> _DIRECTIONS_
Each line from the one containing "- net +5V: now also J3.2" through the last line of the records below is to be repeated as written, with nothing added.

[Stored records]

● ● ●

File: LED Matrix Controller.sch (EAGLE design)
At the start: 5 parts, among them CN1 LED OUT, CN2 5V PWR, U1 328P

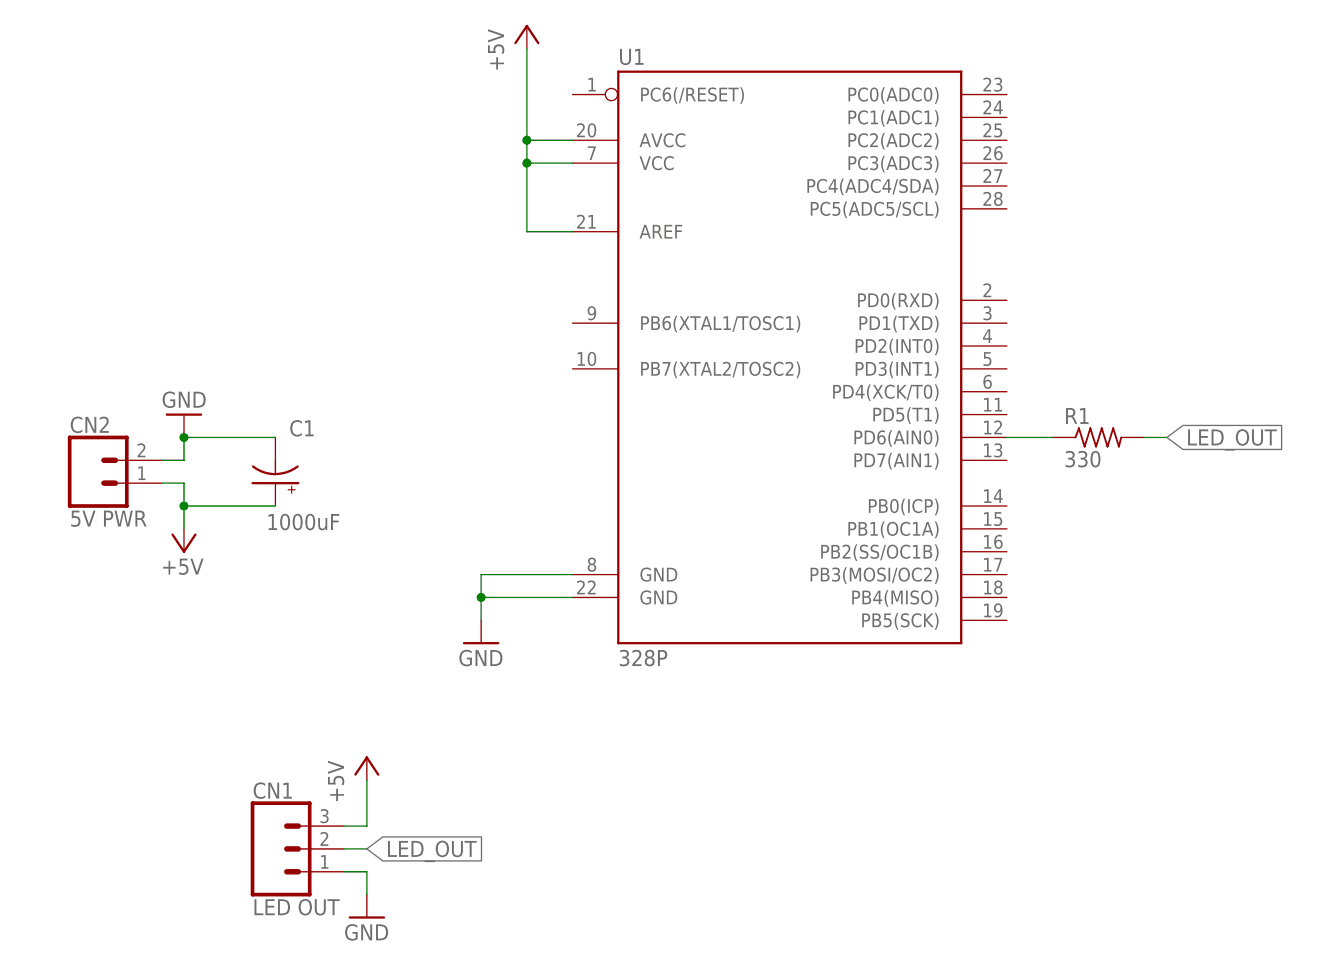
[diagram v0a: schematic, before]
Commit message: Add ISP and serial debug headers
Somewhat useful for not having to remove the chip to reprogram it.
ISP header needs a wire to connect 5v. I thought that wasn't needed
but once I tested it, apparently it is.
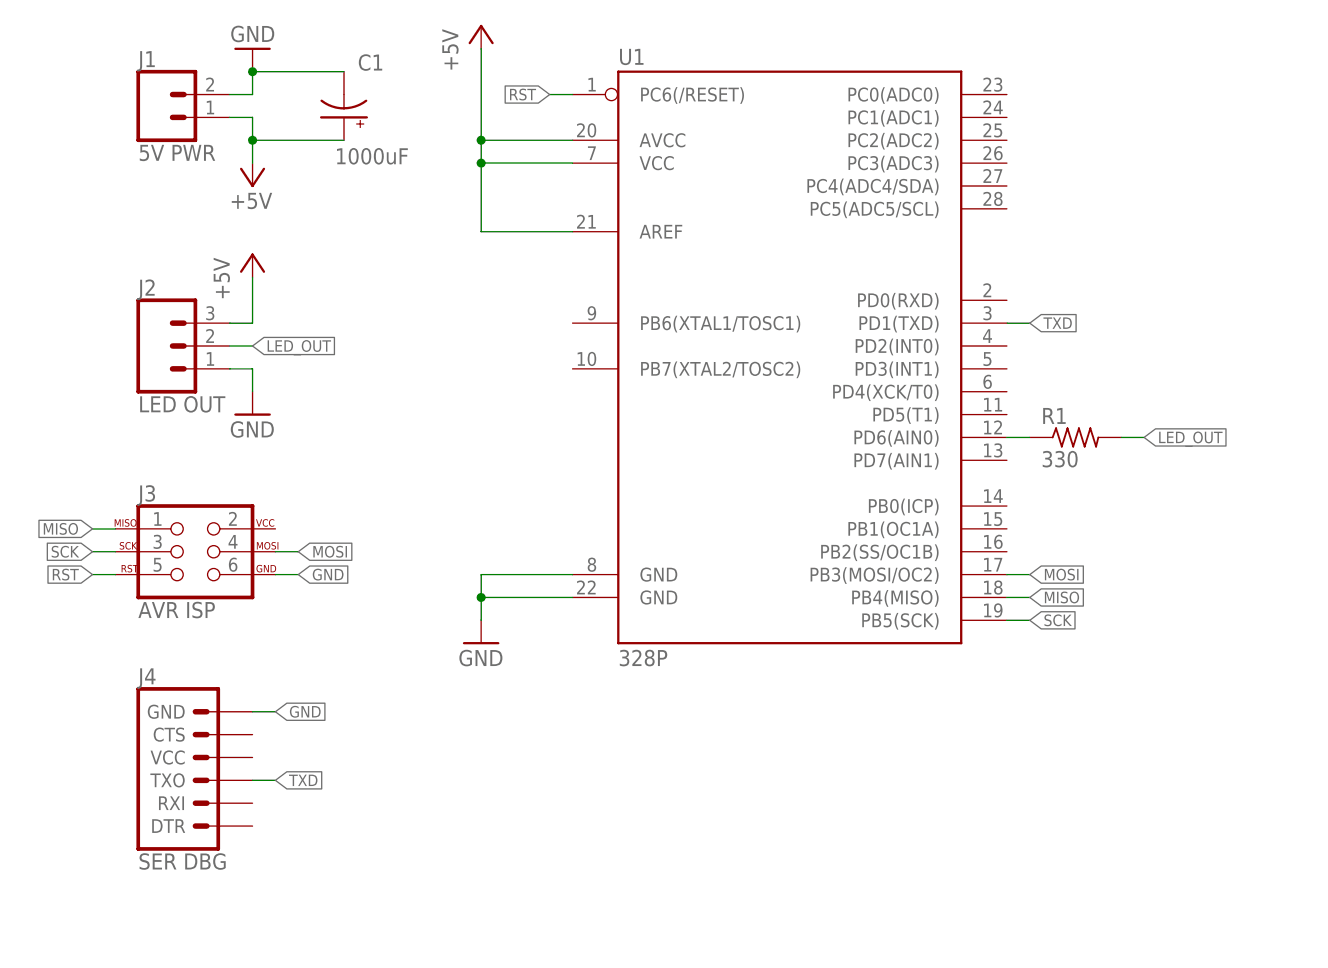
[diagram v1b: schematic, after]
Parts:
- removed CN1: LED OUT, SparkFun-Connectors:CONN_03-SCREW-5MM
- removed CN2: 5V PWR, SparkFun-Connectors:CONN_025MM
- added J1: 5V PWR, SparkFun-Connectors:CONN_025MM
- added J2: LED OUT, SparkFun-Connectors:CONN_03-SCREW-5MM
- added J3: AVR ISP, SparkFun-Connectors:AVR_SPI_PROG_3X2PTH
- added J4: SER DBG, SparkFun-Connectors:6_PIN_SERIAL_TARGETSILK
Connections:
- new net MISO: J3.1, U1.PB4(MISO)
- new net MOSI: J3.4, U1.PB3(MOSI/OC2)
- new net RST: J3.5, U1.PC6(/RESET)
- new net SCK: J3.3, U1.PB5(SCK)
- new net TXD: J4.TXO, U1.PD1(TXD)
- net +5V: now also J1.1, J2.3; no longer CN1.3, CN2.1
- net GND: now also J1.2, J2.1, J3.6, J4.GND; no longer CN1.1, CN2.2
- net LED_OUT: now also J2.2; no longer CN1.2
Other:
- moved on the sheet: C1, R1

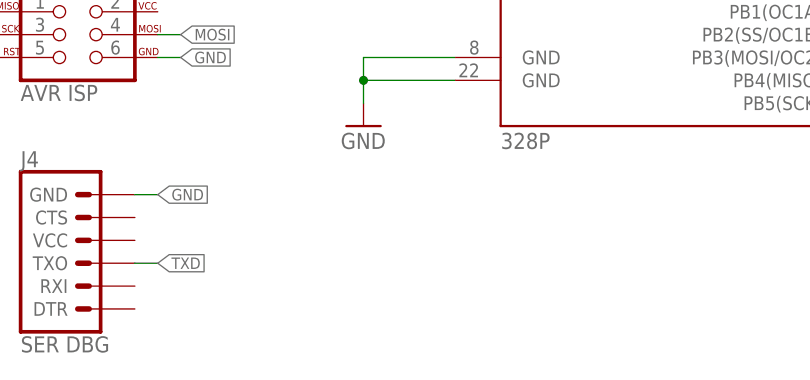
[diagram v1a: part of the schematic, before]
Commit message: Add a reset button
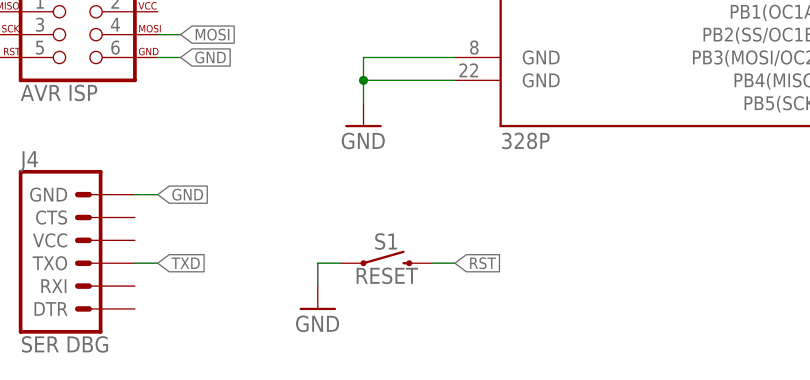
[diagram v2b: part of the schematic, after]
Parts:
- added S1: RESET, SparkFun-Switches:MOMENTARY-SWITCH-SPST-PTH-6.0MM
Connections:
- net GND: now also S1.1
- net RST: now also S1.2
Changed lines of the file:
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@@
 <part name="J3" library="SparkFun-Connectors" library_urn="urn:adsk.eagle:library:513" deviceset="AVR_SPI_PROG_3X2" device="PTH" package3d_urn="urn:adsk.eagle:package:38016/1" value="AVR ISP"/>
 <part name="J4" library="SparkFun-Connectors" library_urn="urn:adsk.eagle:library:513" deviceset="6_PIN_SERIAL_TARGET" device="SILK" package3d_urn="urn:adsk.eagle:package:37995/1" value="SER DBG"/>
+<part name="S1" library="SparkFun-Switches" library_urn="urn:adsk.eagle:library:535" deviceset="MOMENTARY-SWITCH-SPST" device="-PTH-6.0MM" package3d_urn="urn:adsk.eagle:package:40163/1" value="RESET"/>
+<part name="GND1" library="supply1" library_urn="urn:adsk.eagle:library:371" deviceset="GND" device=""/>
 </parts>
 <sheets>
@@
 <attribute name="VALUE" x="30.48" y="76.454" size="1.778" layer="96" font="vector"/>
 <attribute name="NAME" x="30.48" y="97.028" size="1.778" layer="95" font="vector"/>
+</instance>
+<instance part="S1" gate="G$1" x="71.12" y="86.36" smashed="yes">
+<attribute name="NAME" x="71.12" y="87.884" size="1.778" layer="95" font="vector" align="bottom-center"/>
+<attribute name="VALUE" x="71.12" y="85.852" size="1.778" layer="96" font="vector" align="top-center"/>
+</instance>
+<instance part="GND1" gate="1" x="63.5" y="81.28" smashed="yes">
+<attribute name="VALUE" x="60.96" y="78.74" size="1.778" layer="96"/>
 </instance>
 </instances>
@@
 <label x="45.72" y="93.98" size="1.27" layer="95" xref="yes"/>
 </segment>
+<segment>
+<pinref part="S1" gate="G$1" pin="1"/>
+<wire x1="66.04" y1="86.36" x2="63.5" y2="86.36" width="0.1524" layer="91"/>
+<pinref part="GND1" gate="1" pin="GND"/>
+<wire x1="63.5" y1="86.36" x2="63.5" y2="83.82" width="0.1524" layer="91"/>
+</segment>
 </net>
 <net name="N$1" class="0">
@@
 <label x="25.4" y="109.22" size="1.27" layer="95" rot="MR0" xref="yes"/>
 </segment>
+<segment>
+<pinref part="S1" gate="G$1" pin="2"/>
+<wire x1="76.2" y1="86.36" x2="78.74" y2="86.36" width="0.1524" layer="91"/>
+<label x="78.74" y="86.36" size="1.27" layer="95" xref="yes"/>
+</segment>
 </net>

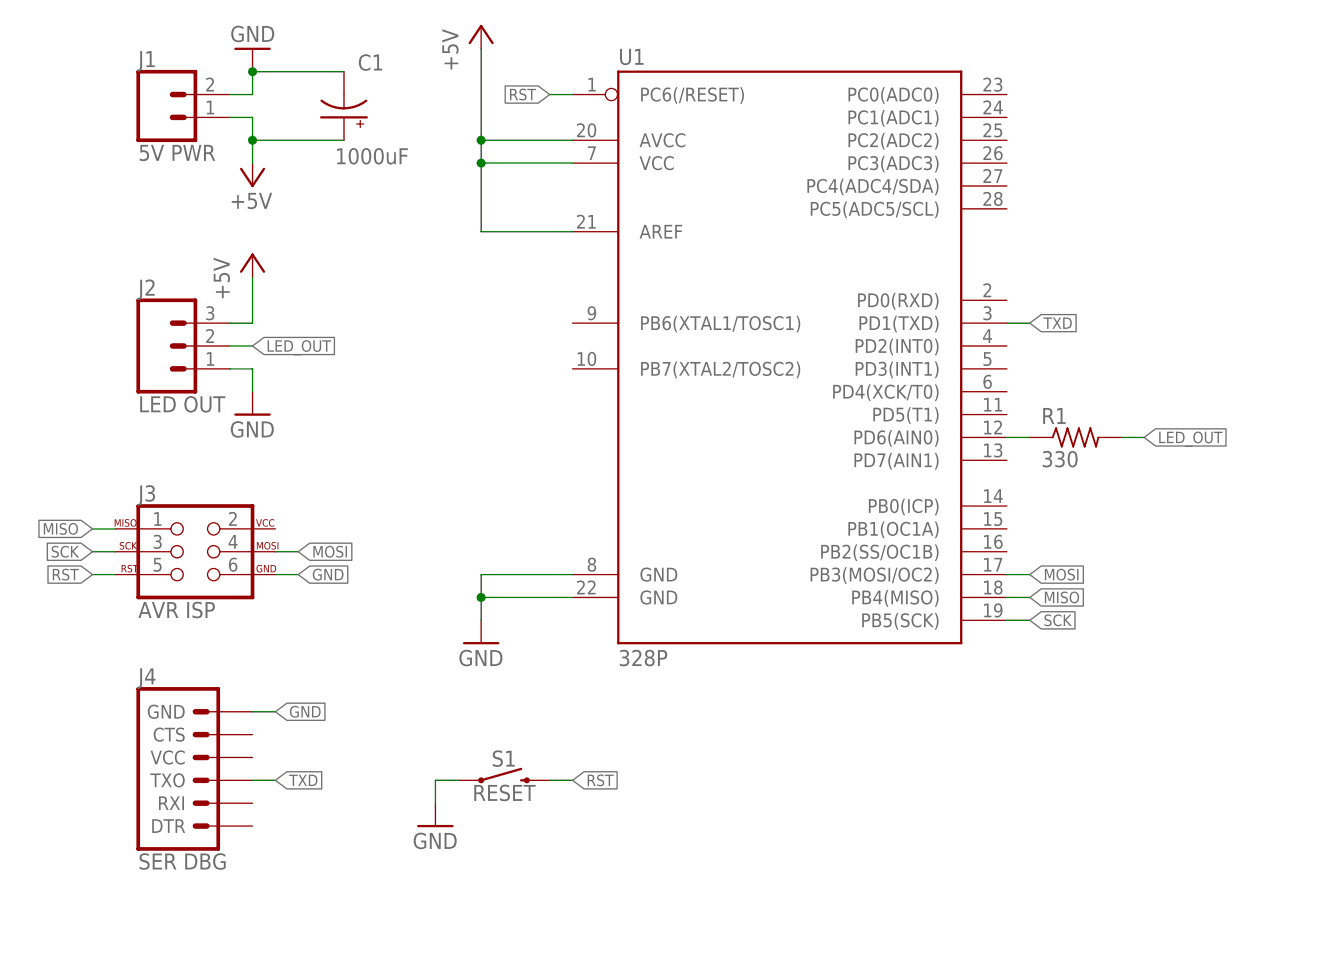
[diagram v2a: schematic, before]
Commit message: Create a two-layer version
A couple of small updates for manufacturing a 2 layer board.  Route
power to the ICSP header and the rest of the FTDI serial header
signals since it's easy now.
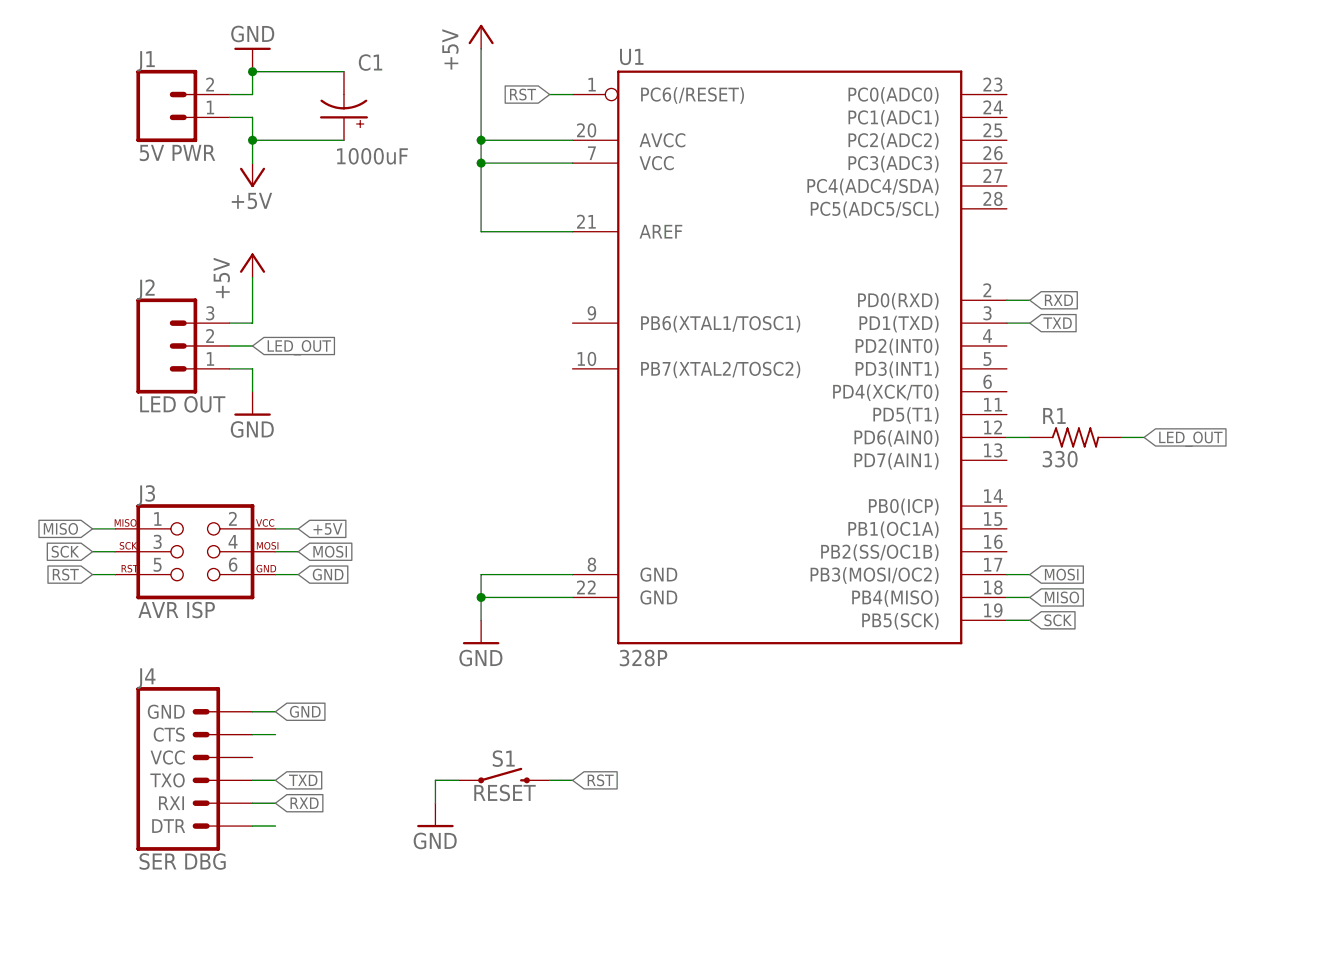
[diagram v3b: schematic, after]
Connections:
- new net N$3: J4.DTR
- new net N$5: J4.CTS
- new net RXD: J4.RXI, U1.PD0(RXD)
- net +5V: now also J3.2
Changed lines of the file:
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@@
 <junction x="43.18" y="157.48"/>
+</segment>
+<segment>
+<pinref part="J3" gate="G$1" pin="2"/>
+<wire x1="45.72" y1="114.3" x2="48.26" y2="114.3" width="0.1524" layer="91"/>
+<label x="48.26" y="114.3" size="1.27" layer="95" xref="yes"/>
 </segment>
 </net>
@@
 </segment>
 </net>
+<net name="N$3" class="0">
+<segment>
+<pinref part="J4" gate="G$1" pin="DTR"/>
+<wire x1="43.18" y1="81.28" x2="45.72" y2="81.28" width="0.1524" layer="91"/>
+</segment>
+</net>
+<net name="N$5" class="0">
+<segment>
+<pinref part="J4" gate="G$1" pin="CTS"/>
+<wire x1="43.18" y1="91.44" x2="45.72" y2="91.44" width="0.1524" layer="91"/>
+</segment>
+</net>
+<net name="RXD" class="0">
+<segment>
+<pinref part="U1" gate="G$1" pin="PD0(RXD)"/>
+<wire x1="127" y1="139.7" x2="129.54" y2="139.7" width="0.1524" layer="91"/>
+<label x="129.54" y="139.7" size="1.27" layer="95" xref="yes"/>
+</segment>
+<segment>
+<pinref part="J4" gate="G$1" pin="RXI"/>
+<wire x1="43.18" y1="83.82" x2="45.72" y2="83.82" width="0.1524" layer="91"/>
+<label x="45.72" y="83.82" size="1.27" layer="95" xref="yes"/>
+</segment>
+</net>

● ● ●

> _RESPONSE BOX_
- net +5V: now also J3.2
Changed lines of the file:
@@
 <junction x="43.18" y="157.48"/>
+</segment>
+<segment>
+<pinref part="J3" gate="G$1" pin="2"/>
+<wire x1="45.72" y1="114.3" x2="48.26" y2="114.3" width="0.1524" layer="91"/>
+<label x="48.26" y="114.3" size="1.27" layer="95" xref="yes"/>
 </segment>
 </net>
@@
 </segment>
 </net>
+<net name="N$3" class="0">
+<segment>
+<pinref part="J4" gate="G$1" pin="DTR"/>
+<wire x1="43.18" y1="81.28" x2="45.72" y2="81.28" width="0.1524" layer="91"/>
+</segment>
+</net>
+<net name="N$5" class="0">
+<segment>
+<pinref part="J4" gate="G$1" pin="CTS"/>
+<wire x1="43.18" y1="91.44" x2="45.72" y2="91.44" width="0.1524" layer="91"/>
+</segment>
+</net>
+<net name="RXD" class="0">
+<segment>
+<pinref part="U1" gate="G$1" pin="PD0(RXD)"/>
+<wire x1="127" y1="139.7" x2="129.54" y2="139.7" width="0.1524" layer="91"/>
+<label x="129.54" y="139.7" size="1.27" layer="95" xref="yes"/>
+</segment>
+<segment>
+<pinref part="J4" gate="G$1" pin="RXI"/>
+<wire x1="43.18" y1="83.82" x2="45.72" y2="83.82" width="0.1524" layer="91"/>
+<label x="45.72" y="83.82" size="1.27" layer="95" xref="yes"/>
+</segment>
+</net>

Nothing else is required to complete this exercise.